We investigate machine learning (ML) techniques for predicting the number of
galaxies (N_gal) that occupy a halo, given the halo's properties. These types
of mappings are crucial for constructing the mock galaxy catalogs necessary for
analyses of large-scale structure. The ML techniques proposed here distinguish
themselves from traditional halo occupation distribution (HOD) modeling as they
do not assume a prescribed relationship between halo properties and N_gal. In
addition, our ML approaches are only dependent on parent halo properties (like
HOD methods), which are advantageous over subhalo-based approaches as
identifying subhalos correctly is difficult. We test 2 algorithms: support
vector machines (SVM) and k-nearest-neighbour (kNN) regression. We take
galaxies and halos from the Millennium simulation and predict N_gal by training
our algorithms on the following 6 halo properties: number of particles, M_200,
\sigma_v, v_max, half-mass radius and spin.

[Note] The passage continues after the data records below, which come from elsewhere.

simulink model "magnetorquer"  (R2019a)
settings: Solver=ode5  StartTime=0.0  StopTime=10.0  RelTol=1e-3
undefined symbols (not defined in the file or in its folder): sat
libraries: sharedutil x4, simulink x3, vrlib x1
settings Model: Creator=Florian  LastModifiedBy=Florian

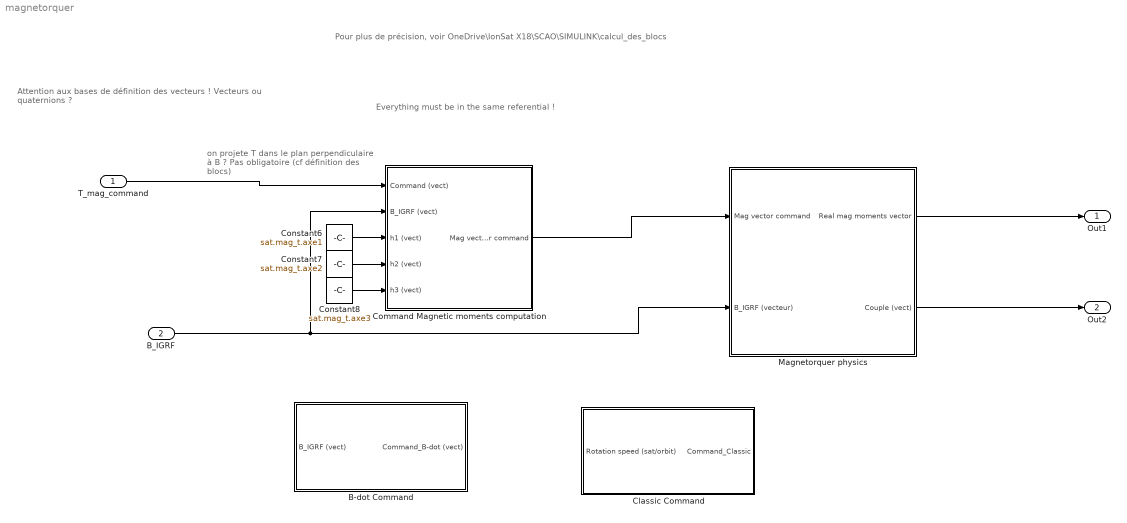
== system magnetorquer ==
  note: Attention aux bases de définition des vecteurs !
      |
      | Vecteurs ou quaternions ?
  note: on projete T dans
      | le plan perpendiculaire à B ?
      | Pas obligatoire (cf définition des blocs)
  note: Everything must be in the same referential !
  note: Pour plus de précision, voir OneDrive\IonSat X18\SCAO\SIMULINK\calcul_des_blocs
  T_mag_command : Inport
  B_IGRF : Inport  Port=2
  B-dot Command : Subsystem
  Classic Command : Subsystem
  Command Magnetic moments computation : Subsystem
  Constant6 : Constant  Value=sat.mag_t.axe1
  Constant7 : Constant  Value=sat.mag_t.axe2
  Constant8 : Constant  Value=sat.mag_t.axe3
  Magnetorquer physics : Subsystem
  Out1 : Outport
  Out2 : Outport  Port=2
  wires:
  Magnetorquer physics/1(Real mag moments vector) -> Out1/1
  Magnetorquer physics/2(Couple (vect)) -> Out2/1
  B_IGRF/1 -> Magnetorquer physics/2(B_IGRF (vecteur)), Command Magnetic moments computation/2(B_IGRF (vect))
  T_mag_command/1 -> Command Magnetic moments computation/1(Command (vect))
  Constant6/1 -> Command Magnetic moments computation/3(h1 (vect))
  Constant7/1 -> Command Magnetic moments computation/4(h2 (vect))
  Constant8/1 -> Command Magnetic moments computation/5(h3 (vect))
  Command Magnetic moments computation/1(Mag vector command) -> Magnetorquer physics/1(Mag vector command)

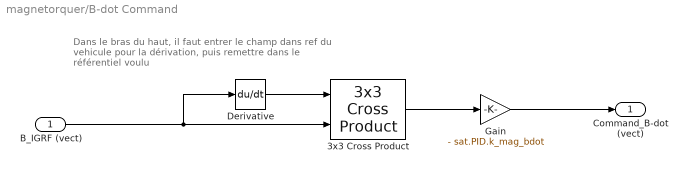
== system magnetorquer/B-dot Command ==
  note: Dans le bras du haut, il faut entrer le champ
      | dans ref du vehicule pour la dérivation, puis remettre
      | dans le référentiel voulu
  B_IGRF (vect) : Inport
  3x3 Cross Product : sharedutil/3x3 Cross Product  aMode=aMode
      settings: SourceProductBaseCode=AE
  Derivative : Derivative
  Gain : Gain  Gain=- sat.PID.k_mag_bdot
  Command_B-dot (vect) : Outport  VectorParamsAs1DForOutWhenUnconnected=off
  wires:
  Derivative/1 -> 3x3 Cross Product/1
  Gain/1 -> Command_B-dot (vect)/1
  B_IGRF (vect)/1 -> Derivative/1, 3x3 Cross Product/2
  3x3 Cross Product/1 -> Gain/1

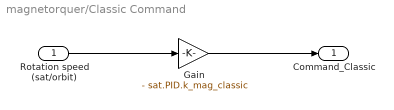
== system magnetorquer/Classic Command ==
  Rotation speed (sat/orbit) : Inport
  Gain : Gain  Gain=- sat.PID.k_mag_classic
  Command_Classic : Outport  VectorParamsAs1DForOutWhenUnconnected=off
  wires:
  Rotation speed (sat/orbit)/1 -> Gain/1
  Gain/1 -> Command_Classic/1

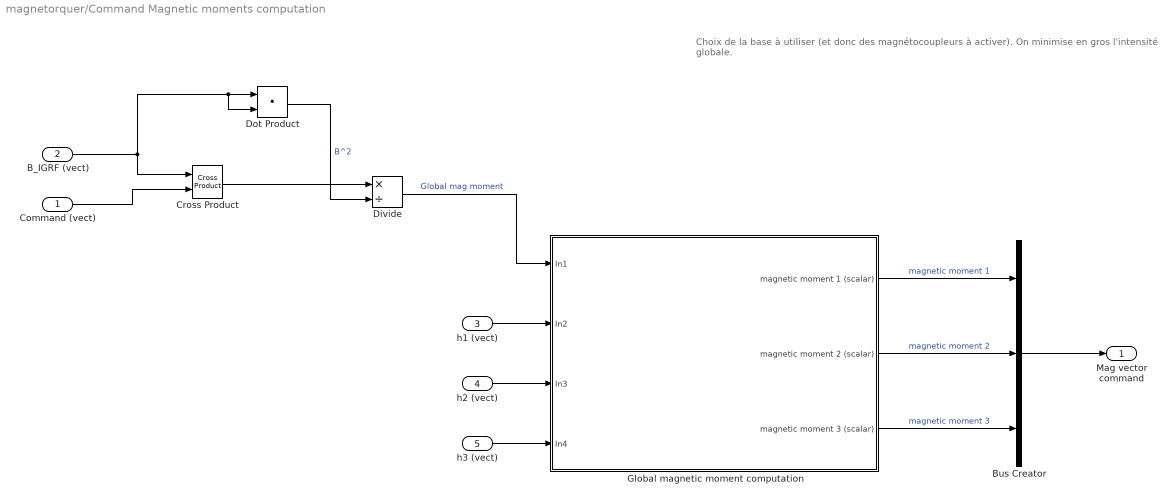
== system magnetorquer/Command Magnetic moments computation ==
  note: Choix de la base à utiliser (et donc des magnétocoupleurs à activer). On minimise en gros l'intensité globale.
  Command (vect) : Inport
  B_IGRF (vect) : Inport  Port=2
  h1 (vect) : Inport  Port=3
  h2 (vect) : Inport  Port=4
  h3 (vect) : Inport  Port=5
  Bus Creator : BusCreator  Inputs=3
  Cross Product : vrlib/Utilities/Cross Product
      settings: SourceProductName=Simulink
  Divide : Product  Inputs=*/
  Dot Product : DotProduct  InputSameDT=on  OutDataTypeStr=Inherit: Inherit via internal rule
  Global magnetic moment computation : Subsystem
  Mag vector command : Outport  VectorParamsAs1DForOutWhenUnconnected=off
  wires:
  B_IGRF (vect)/1 -> Dot Product/2, Dot Product/1, Cross Product/1
  Command (vect)/1 -> Cross Product/2
  Dot Product/1 -> Divide/2  "B^2"
  Cross Product/1 -> Divide/1
  Divide/1 -> Global magnetic moment computation/1(In1)  "Global mag moment"
  h1 (vect)/1 -> Global magnetic moment computation/2(In2)
  h2 (vect)/1 -> Global magnetic moment computation/3(In3)
  h3 (vect)/1 -> Global magnetic moment computation/4(In4)
  Global magnetic moment computation/2(magnetic moment 2 (scalar)) -> Bus Creator/2  "magnetic moment 2"
  Global magnetic moment computation/3(magnetic moment 3 (scalar)) -> Bus Creator/3  "magnetic moment 3"
  Global magnetic moment computation/1(magnetic moment 1 (scalar)) -> Bus Creator/1  "magnetic moment 1"
  Bus Creator/1 -> Mag vector command/1

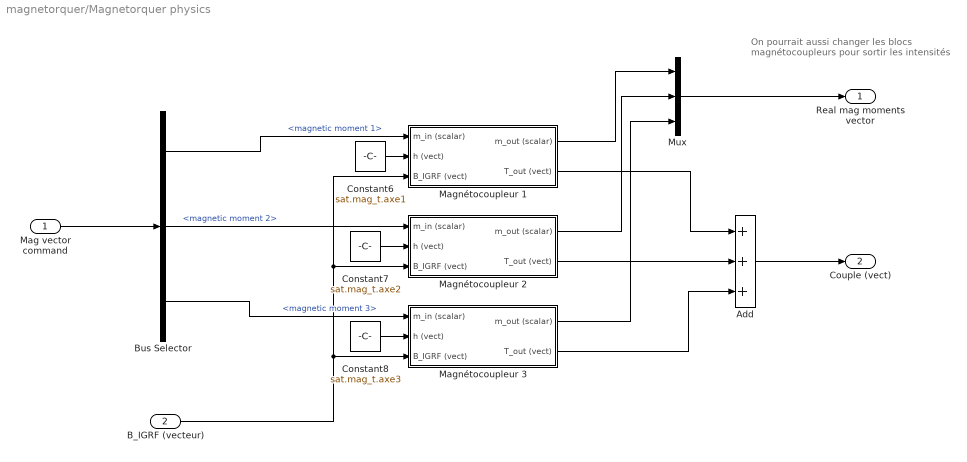
== system magnetorquer/Magnetorquer physics ==
  note: On pourrait aussi changer les blocs
      | magnétocoupleurs pour sortir les intensités
  Mag vector command : Inport
  B_IGRF (vecteur) : Inport  Port=2
  Add : Sum  Inputs=+++
  Bus Selector : BusSelector  OutputSignals=magnetic moment 1,magnetic moment 2,magnetic moment 3
  Constant6 : Constant  Value=sat.mag_t.axe1
  Constant7 : Constant  Value=sat.mag_t.axe2
  Constant8 : Constant  Value=sat.mag_t.axe3
  Magnétocoupleur 1 : Subsystem
  Magnétocoupleur 2 : Subsystem
  Magnétocoupleur 3 : Subsystem
  Mux : Mux  Inputs=3
  Real mag moments vector : Outport  VectorParamsAs1DForOutWhenUnconnected=off
  Couple (vect) : Outport  Port=2  VectorParamsAs1DForOutWhenUnconnected=off
  wires:
  Constant6/1 -> Magnétocoupleur 1/2(h (vect))
  B_IGRF (vecteur)/1 -> Magnétocoupleur 1/3(B_IGRF (vect)), Magnétocoupleur 2/3(B_IGRF (vect)), Magnétocoupleur 3/3(B_IGRF (vect))
  Constant7/1 -> Magnétocoupleur 2/2(h (vect))
  Magnétocoupleur 2/1(m_out (scalar)) -> Mux/2
  Add/1 -> Couple (vect)/1
  Magnétocoupleur 1/2(T_out (vect)) -> Add/1
  Magnétocoupleur 2/2(T_out (vect)) -> Add/2
  Magnétocoupleur 3/2(T_out (vect)) -> Add/3
  Mux/1 -> Real mag moments vector/1
  Magnétocoupleur 1/1(m_out (scalar)) -> Mux/1
  Magnétocoupleur 3/1(m_out (scalar)) -> Mux/3
  Constant8/1 -> Magnétocoupleur 3/2(h (vect))
  Mag vector command/1 -> Bus Selector/1
  Bus Selector/1 -> Magnétocoupleur 1/1(m_in (scalar))  "<magnetic moment 1>"
  Bus Selector/2 -> Magnétocoupleur 2/1(m_in (scalar))  "<magnetic moment 2>"
  Bus Selector/3 -> Magnétocoupleur 3/1(m_in (scalar))  "<magnetic moment 3>"

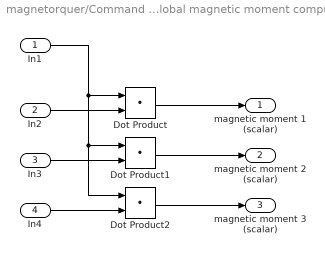
== system magnetorquer/Command Magnetic moments computation/Global magnetic moment computation ==
  In1 : Inport
  In2 : Inport  Port=2
  In3 : Inport  Port=3
  In4 : Inport  Port=4
  Dot Product : DotProduct  InputSameDT=on  OutDataTypeStr=Inherit: Inherit via internal rule
  Dot Product1 : DotProduct  InputSameDT=on  OutDataTypeStr=Inherit: Inherit via internal rule
  Dot Product2 : DotProduct  InputSameDT=on  OutDataTypeStr=Inherit: Inherit via internal rule
  magnetic moment 1 (scalar) : Outport
  magnetic moment 2 (scalar) : Outport  Port=2
  magnetic moment 3 (scalar) : Outport  Port=3
  wires:
  In1/1 -> Dot Product2/1, Dot Product1/1, Dot Product/1
  In2/1 -> Dot Product/2
  In3/1 -> Dot Product1/2
  In4/1 -> Dot Product2/2
  Dot Product/1 -> magnetic moment 1 (scalar)/1
  Dot Product1/1 -> magnetic moment 2 (scalar)/1
  Dot Product2/1 -> magnetic moment 3 (scalar)/1

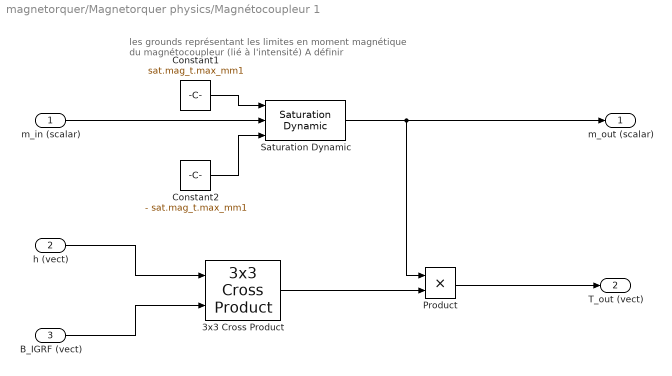
== system magnetorquer/Magnetorquer physics/Magnétocoupleur 1 ==
  note: les grounds représentant les limites en
      |  moment magnétique du magnétocoupleur (lié à l'intensité)
      | A définir
  m_in (scalar) : Inport
  h (vect) : Inport  Port=2
  B_IGRF (vect) : Inport  Port=3
  3x3 Cross Product : sharedutil/3x3 Cross Product  aMode=aMode
      settings: SourceProductBaseCode=AE
  Constant1 : Constant  Value=sat.mag_t.max_mm1
  Constant2 : Constant  Value=- sat.mag_t.max_mm1
  Product : Product
  Saturation Dynamic : simulink/Discontinuities/Saturation Dynamic  OutMin=[]  OutMax=[]  OutDataTypeStr=Inherit: Same as second input  OutDataType=fixdt(1, 16)  OutScaling=2^-10  DoSatur=off
  m_out (scalar) : Outport  VectorParamsAs1DForOutWhenUnconnected=off
  T_out (vect) : Outport  Port=2  VectorParamsAs1DForOutWhenUnconnected=off
  wires:
  h (vect)/1 -> 3x3 Cross Product/1
  B_IGRF (vect)/1 -> 3x3 Cross Product/2
  m_in (scalar)/1 -> Saturation Dynamic/2
  Constant2/1 -> Saturation Dynamic/3
  Constant1/1 -> Saturation Dynamic/1
  Saturation Dynamic/1 -> Product/1, m_out (scalar)/1
  3x3 Cross Product/1 -> Product/2
  Product/1 -> T_out (vect)/1

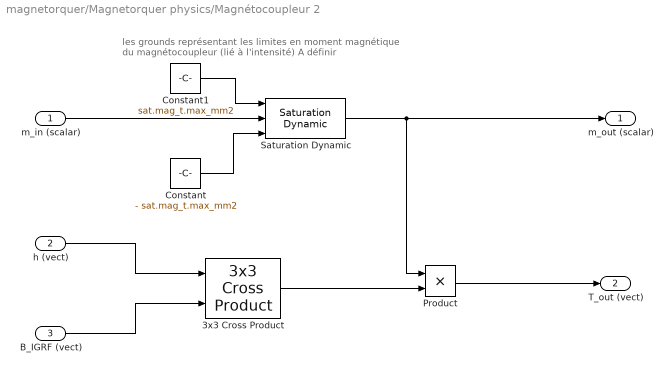
== system magnetorquer/Magnetorquer physics/Magnétocoupleur 2 ==
  note: les grounds représentant les limites en
      |  moment magnétique du magnétocoupleur (lié à l'intensité)
      | A définir
  m_in (scalar) : Inport
  h (vect) : Inport  Port=2
  B_IGRF (vect) : Inport  Port=3
  3x3 Cross Product : sharedutil/3x3 Cross Product  aMode=aMode
      settings: SourceProductBaseCode=AE
  Constant : Constant  Value=- sat.mag_t.max_mm2
  Constant1 : Constant  Value=sat.mag_t.max_mm2
  Product : Product
  Saturation Dynamic : simulink/Discontinuities/Saturation Dynamic  OutMin=[]  OutMax=[]  OutDataTypeStr=Inherit: Same as second input  OutDataType=fixdt(1, 16)  OutScaling=2^-10  DoSatur=off
  m_out (scalar) : Outport  VectorParamsAs1DForOutWhenUnconnected=off
  T_out (vect) : Outport  Port=2  VectorParamsAs1DForOutWhenUnconnected=off
  wires:
  h (vect)/1 -> 3x3 Cross Product/1
  B_IGRF (vect)/1 -> 3x3 Cross Product/2
  m_in (scalar)/1 -> Saturation Dynamic/2
  Constant/1 -> Saturation Dynamic/3
  Constant1/1 -> Saturation Dynamic/1
  Saturation Dynamic/1 -> Product/1, m_out (scalar)/1
  3x3 Cross Product/1 -> Product/2
  Product/1 -> T_out (vect)/1

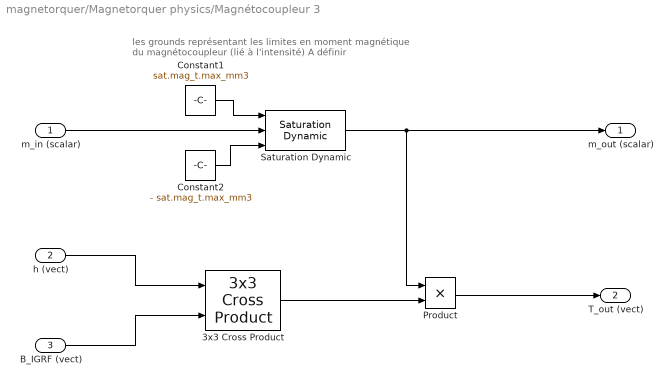
== system magnetorquer/Magnetorquer physics/Magnétocoupleur 3 ==
  note: les grounds représentant les limites en
      |  moment magnétique du magnétocoupleur (lié à l'intensité)
      | A définir
  m_in (scalar) : Inport
  h (vect) : Inport  Port=2
  B_IGRF (vect) : Inport  Port=3
  3x3 Cross Product : sharedutil/3x3 Cross Product  aMode=aMode
      settings: SourceProductBaseCode=AE
  Constant1 : Constant  Value=sat.mag_t.max_mm3
  Constant2 : Constant  Value=- sat.mag_t.max_mm3
  Product : Product
  Saturation Dynamic : simulink/Discontinuities/Saturation Dynamic  OutMin=[]  OutMax=[]  OutDataTypeStr=Inherit: Same as second input  OutDataType=fixdt(1, 16)  OutScaling=2^-10  DoSatur=off
  m_out (scalar) : Outport  VectorParamsAs1DForOutWhenUnconnected=off
  T_out (vect) : Outport  Port=2  VectorParamsAs1DForOutWhenUnconnected=off
  wires:
  h (vect)/1 -> 3x3 Cross Product/1
  B_IGRF (vect)/1 -> 3x3 Cross Product/2
  m_in (scalar)/1 -> Saturation Dynamic/2
  Constant2/1 -> Saturation Dynamic/3
  Constant1/1 -> Saturation Dynamic/1
  Saturation Dynamic/1 -> Product/1, m_out (scalar)/1
  3x3 Cross Product/1 -> Product/2
  Product/1 -> T_out (vect)/1

For Millennium, our predicted N_gal
values have a mean-squared-error (MSE) of ~0.16 for both SVM and kNN. Our
predictions match the overall distribution of halos reasonably well and the
galaxy correlation function at large scales to ~5-10%. In addition, we
demonstrate a feature selection algorithm to isolate the halo parameters that
are most predictive, a useful technique for understanding the mapping between
halo properties and N_gal. Lastly, we investigate these ML-based approaches in
making mock catalogs for different galaxy subpopulations (e.g. blue, red, high
M_star, low M_star). Given its non-parametric nature as well as its powerful
predictive and feature selection capabilities, machine learning offers an
interesting alternative for creating mock catalogs.